Wayers also fear that if they admit illness or another negative condition, then TWI leadership will condemn them. One couple was told that their child died because they didn't tithe (give enough money to TWI). Whenever leaders blame a medical condition on a cause such as this, then Wayers are likely to try to get healing by tithing (or whatever kind of disobedience the leader asserts is the cause of the illness) instead of by seeking medical attention. This may further postpone or prevent a medical solution. Many TWI leaders actually use their followers' troubles as tools to manipulate the followers to do whatever TWI or its leaders want. They commonly treat peoples' problems as signs of wrongdoing, not of need, then respond with "confrontation" (which often includes verbal attack), not with comfort.
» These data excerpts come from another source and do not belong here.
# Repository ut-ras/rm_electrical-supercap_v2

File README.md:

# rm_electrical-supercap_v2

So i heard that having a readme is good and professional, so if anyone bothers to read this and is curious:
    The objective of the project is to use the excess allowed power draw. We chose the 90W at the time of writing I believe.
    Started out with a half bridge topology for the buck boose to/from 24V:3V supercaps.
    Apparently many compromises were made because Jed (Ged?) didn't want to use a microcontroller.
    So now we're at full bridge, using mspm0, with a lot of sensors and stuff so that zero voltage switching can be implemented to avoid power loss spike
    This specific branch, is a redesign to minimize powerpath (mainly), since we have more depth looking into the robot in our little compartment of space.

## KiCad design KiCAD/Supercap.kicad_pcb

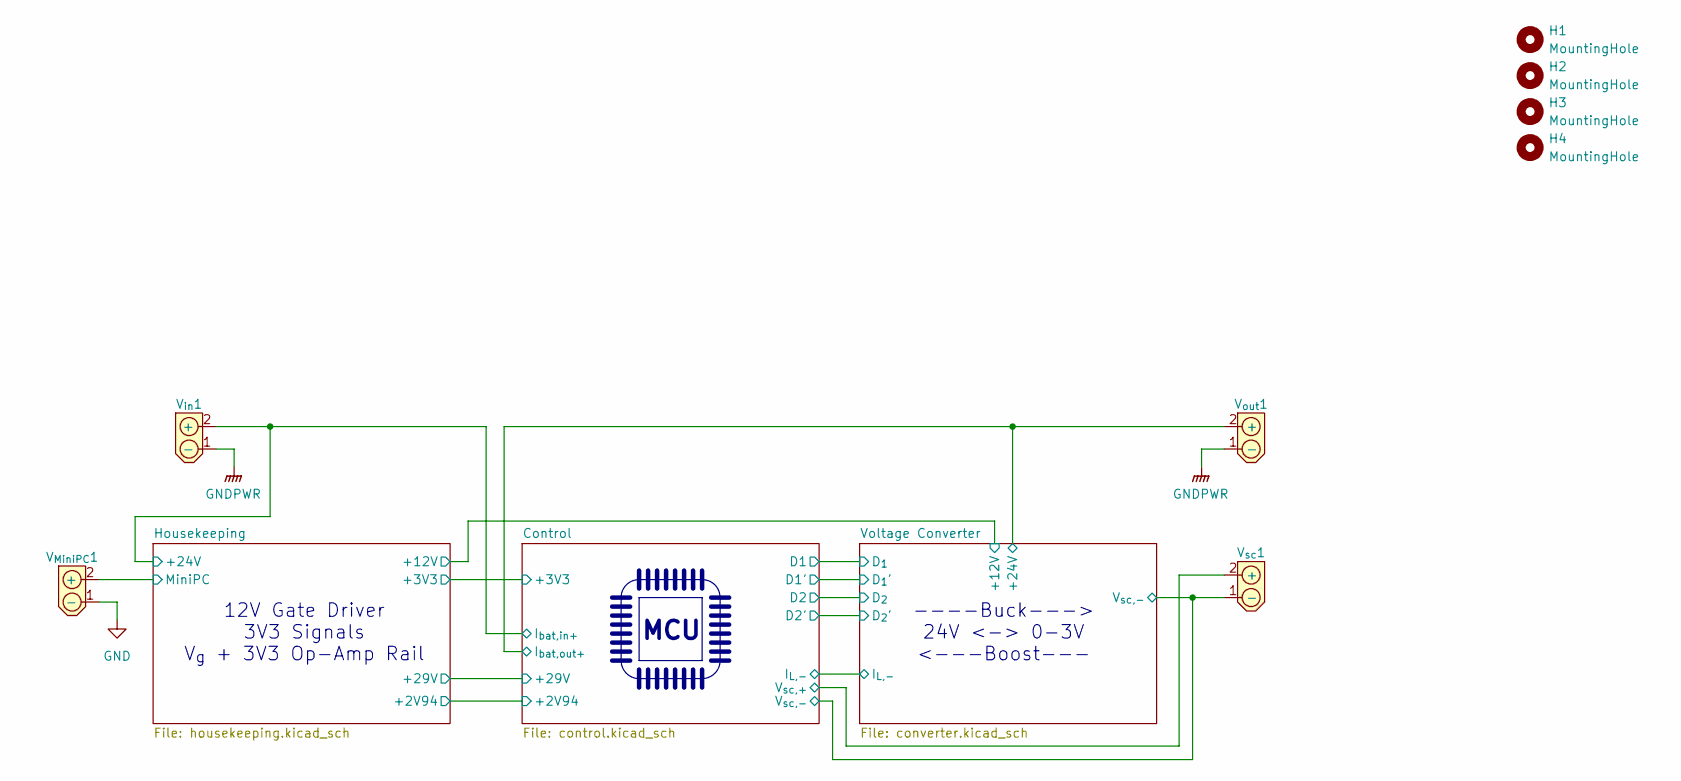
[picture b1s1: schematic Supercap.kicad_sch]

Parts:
H1, H2, H3, H4: MountingHole; MountingHole_2.2mm_M2_DIN965_Pad
V_{MiniPC}1: AMASS_XT30PW-M_1x02_P2.50mm_Horizontal
V_{in}1: AMASS_XT30PW-M_1x02_P2.50mm_Horizontal
V_{out}1: AMASS_XT30PW-F_1x02_P2.50mm_Horizontal
V_{sc}1: AMASS_XT30PW-F_1x02_P2.50mm_Horizontal

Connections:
/Control/I_{bat,out+}: V_{out}1.2 (+); also elsewhere on the board
/Control/V_{sc,+}: V_{sc}1.2 (+); also elsewhere on the board
/Housekeeping/+24V: V_{in}1.2 (+); also elsewhere on the board
/Housekeeping/MiniPC: V_{MiniPC}1.2 (+); also elsewhere on the board
/Voltage Converter/V_{sw,2}: V_{sc}1.1 (-); also elsewhere on the board
GND: V_{MiniPC}1.1 (-); also elsewhere on the board
GNDPWR: V_{in}1.1 (-), V_{out}1.1 (-); also elsewhere on the board

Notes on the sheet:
----Buck---> 24V <-> 0-3V <---Boost---
MCU
12V Gate Driver 3V3 Signals V_{g} + 3V3 Op-Amp Rail

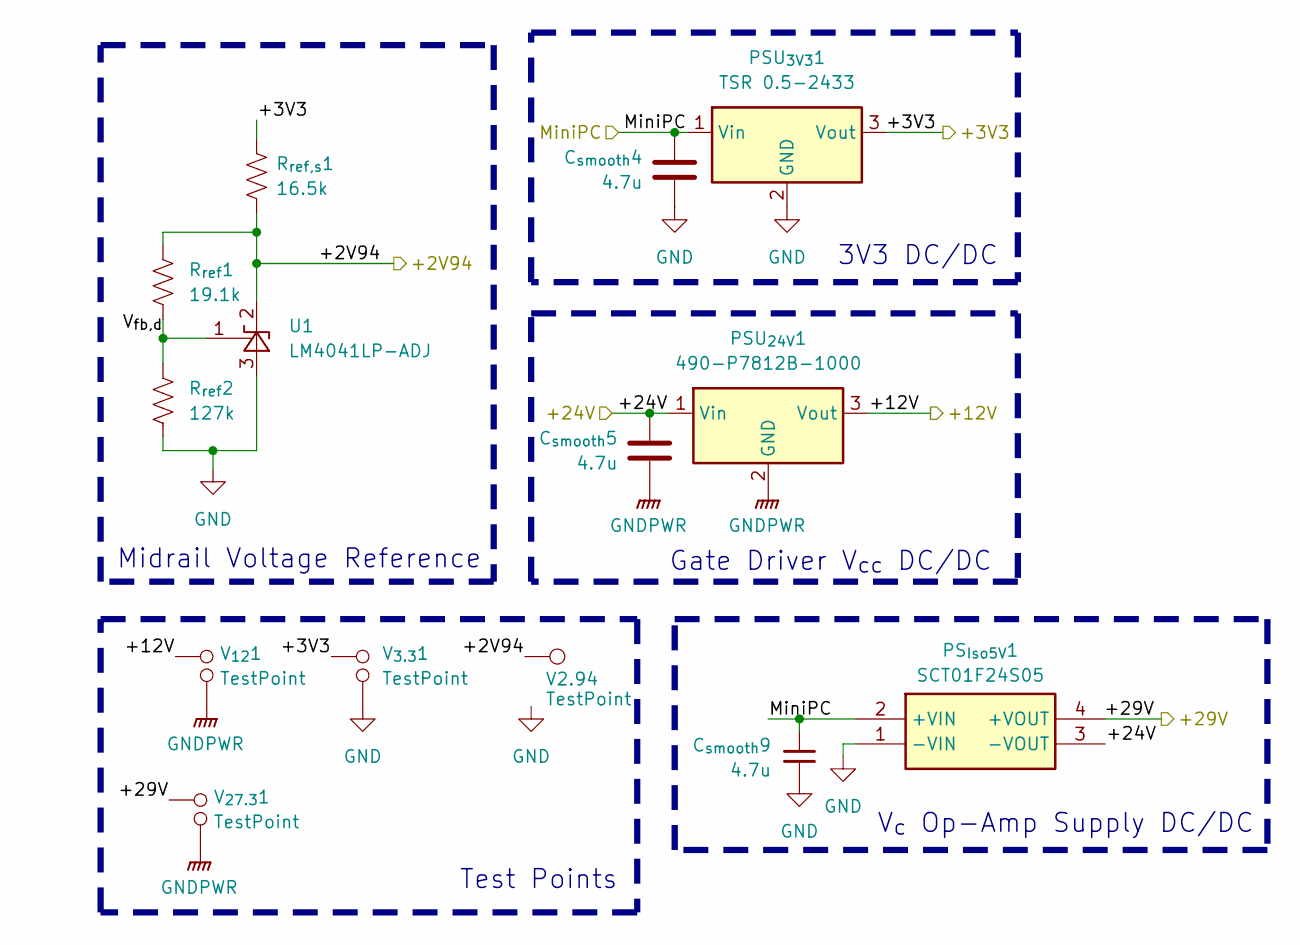
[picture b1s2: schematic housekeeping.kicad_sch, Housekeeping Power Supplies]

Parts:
C_{smooth}4, C_{smooth}5, C_{smooth}9: 4.7u; C_0603_1608Metric_Pad1.08x0.95mm_HandSolder; Manufacturer_Part_Number CL10A475KO8NNNC; Mouser Part Number 187-CL10A475KO8NNNC
PSU_{3V3}1: TSR 0.5-2433; Converter_DCDC_TRACO_TSR0.5-24xx_TSR0.5-24xxx_THT; Manufacturer_Part_Number 495-TSR0.5-2433; Mouser Part Number TSR 0.5-2433
PSU_{24V}1: 490-P7812B-1000; Converter_DCDC_TRACO_TSR0.5-24xx_TSR0.5-24xxx_THT; Manufacturer_Part_Number P7812B-1000; Mouser Part Number 490-P7812B-1000
PS_{Iso5V}1: SCT01F24S05; Converter_DCDC_TRACO_TEA1-xxxx_THT; Mouser Part Number 209-SCT01F24S05
R_{ref,s}1: 16.5k; R_0603_1608Metric_Pad0.98x0.95mm_HandSolder
R_{ref}1: 19.1k; R_0603_1608Metric_Pad0.98x0.95mm_HandSolder
R_{ref}2: 127k; R_0603_1608Metric_Pad0.98x0.95mm_HandSolder
U1: LM4041LP-ADJ; SOT-23
V2.94: TestPoint; TestPoint_Pad_1.5x1.5mm
V_{3.3}1, V_{12}1, V_{27.3}1: TestPoint; TP_Passive

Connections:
+3V3: PSU_{3V3}1.3 (Vout), R_{ref,s}1.1, V_{3.3}1.1; also elsewhere on the board
/Housekeeping/+2V94: R_{ref,s}1.2, R_{ref}1.1, U1.2 (K), V2.94.1 (1_1); also elsewhere on the board
/Housekeeping/+12V: PSU_{24V}1.3 (Vout), V_{12}1.1; also elsewhere on the board
/Housekeeping/+24V: C_{smooth}5.1, PSU_{24V}1.1 (Vin), PS_{Iso5V}1.3 (-VOUT); also elsewhere on the board
/Housekeeping/+29V: PS_{Iso5V}1.4 (+VOUT), V_{27.3}1.1; also elsewhere on the board
/Housekeeping/MiniPC: C_{smooth}4.1, C_{smooth}9.1, PSU_{3V3}1.1 (Vin), PS_{Iso5V}1.2 (+VIN); also elsewhere on the board
/Housekeeping/V_{fb,d}: R_{ref}1.2, R_{ref}2.1, U1.1 (FB)
GND: C_{smooth}4.2, C_{smooth}9.2, PSU_{3V3}1.2 (GND), PS_{Iso5V}1.1 (-VIN), R_{ref}2.2, U1.3 (A), V_{3.3}1.2; also elsewhere on the board
GNDPWR: C_{smooth}5.2, PSU_{24V}1.2 (GND), V_{12}1.2, V_{27.3}1.2; also elsewhere on the board

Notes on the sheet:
V_{c} Op-Amp Supply DC/DC
Gate Driver V_{cc} DC/DC
Midrail Voltage Reference
Test Points
3V3 DC/DC

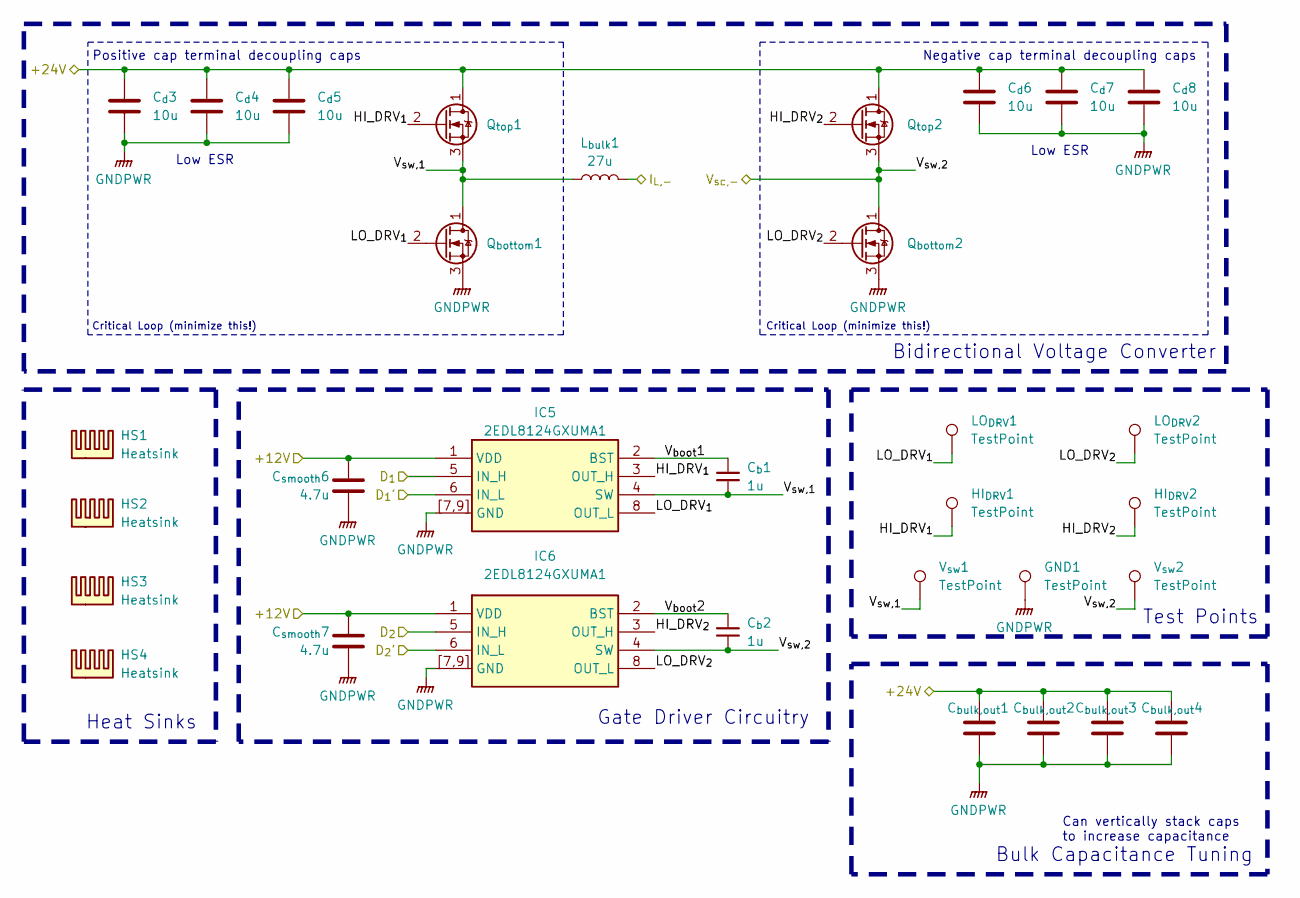
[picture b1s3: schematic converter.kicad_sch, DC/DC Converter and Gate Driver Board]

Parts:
C_{bulk,out}1, C_{bulk,out}2, C_{bulk,out}3, C_{bulk,out}4: C_1210_3225Metric_Pad1.33x2.70mm_HandSolder; Voltage Rating 50V
C_{b}1, C_{b}2: 1u; C_0603_1608Metric_Pad1.08x0.95mm_HandSolder; Manufacturer_Part_Number 963-MAJCT168BB7105KT; Mouser Part Number 963-MAJCT168BB7105KT
C_{d}3, C_{d}4, C_{d}5, C_{d}6, C_{d}7, C_{d}8: 10u; C_1210_3225Metric_Pad1.33x2.70mm_HandSolder; Voltage Rating 50V; Mouser Part Number 187-CL32B106KMVNNWE
C_{smooth}6, C_{smooth}7: 4.7u; C_0603_1608Metric_Pad1.08x0.95mm_HandSolder; Manufacturer_Part_Number CL10A475KO8NNNC; Mouser Part Number 187-CL10A475KO8NNNC
GND1: TestPoint; TestPoint_Keystone_5010-5014_Multipurpose
HI_{DRV}1, HI_{DRV}2: TestPoint; TestPoint_Keystone_5010-5014_Multipurpose
HS1, HS2, HS3, HS4: Heatsink; Manufacturer_Part_Number HSB01-080808; Mouser Part Number 490-HSB01-080808
IC5, IC6: 2EDL8124GXUMA1; SON80P400X400X100-9N-D; Mouser Part Number 726-2EDL8124GXUMA1
LO_{DRV}1, LO_{DRV}2: TestPoint; TestPoint_Keystone_5010-5014_Multipurpose
L_{bulk}1: 27u; L_Wurth_WE-HCFT-3635_74437636352702; Manufacturer_Part_Number 74437636352702; Mouser Part Number 710-74437636352702
Q_{bottom}1, Q_{bottom}2: IQDH45N04LM6CGSCATMA1; Manufacturer_Part_Number IQE020N04LM6CGSCATMA1; Mouser Part Number 726-IQE020N04LM6CGSC
Q_{top}1, Q_{top}2: IQDH45N04LM6CGSCATMA1; Manufacturer_Part_Number IQE020N04LM6CGSCATMA1; Mouser Part Number 726-IQE020N04LM6CGSC
V_{sw}1, V_{sw}2: TestPoint; TestPoint_Keystone_5010-5014_Multipurpose

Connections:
/Control/I_{L,-}: L_{bulk}1.2; also elsewhere on the board
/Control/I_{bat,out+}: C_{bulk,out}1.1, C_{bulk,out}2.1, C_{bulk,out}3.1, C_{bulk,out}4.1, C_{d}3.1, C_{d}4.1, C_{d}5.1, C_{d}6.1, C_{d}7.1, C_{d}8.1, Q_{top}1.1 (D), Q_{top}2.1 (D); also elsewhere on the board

There is a lot of implicit pressure upon TWI followers to pretend as though all is well, even when it isn't. Wayers are afraid of admitting illness, because they fear that the illness will then appear or intensify. Wayers are afraid of revealing problems to leaders, fearing that the troubles will be used against them, and that they will be "confronted" and criticized. Wayers fear being singled out as inferior believers and treated as outcasts (Since illness and problems are seen as being disobedience or negative believing, then other Wayers will tend to keep distance from those who have such problems.) They may even be declared to be "possessed by devil spirits." Leaders are taught to confront, not comfort followers, and to induce followers to conform to the group-think mentality of TWI rather than to respond to their personal needs. As Wayers become more involved in TWI, they are expected to ask their leaders for permission to do a host of things in their lives, from asking who they may date and where to live, to asking if they may go to a doctor.
Therefore, the tendency to deny illness and troubles come both from within (a person's own need to feel they are good believers), and from inside (pressure from peers and leaders). Since almost all Way functions are in small group settings, followers can't just fade into the woodwork, but are always under scrutiny. The result is that most followers of TWI and especially their children face medical risks beyond what is safe, typical or recommended by medical professionals.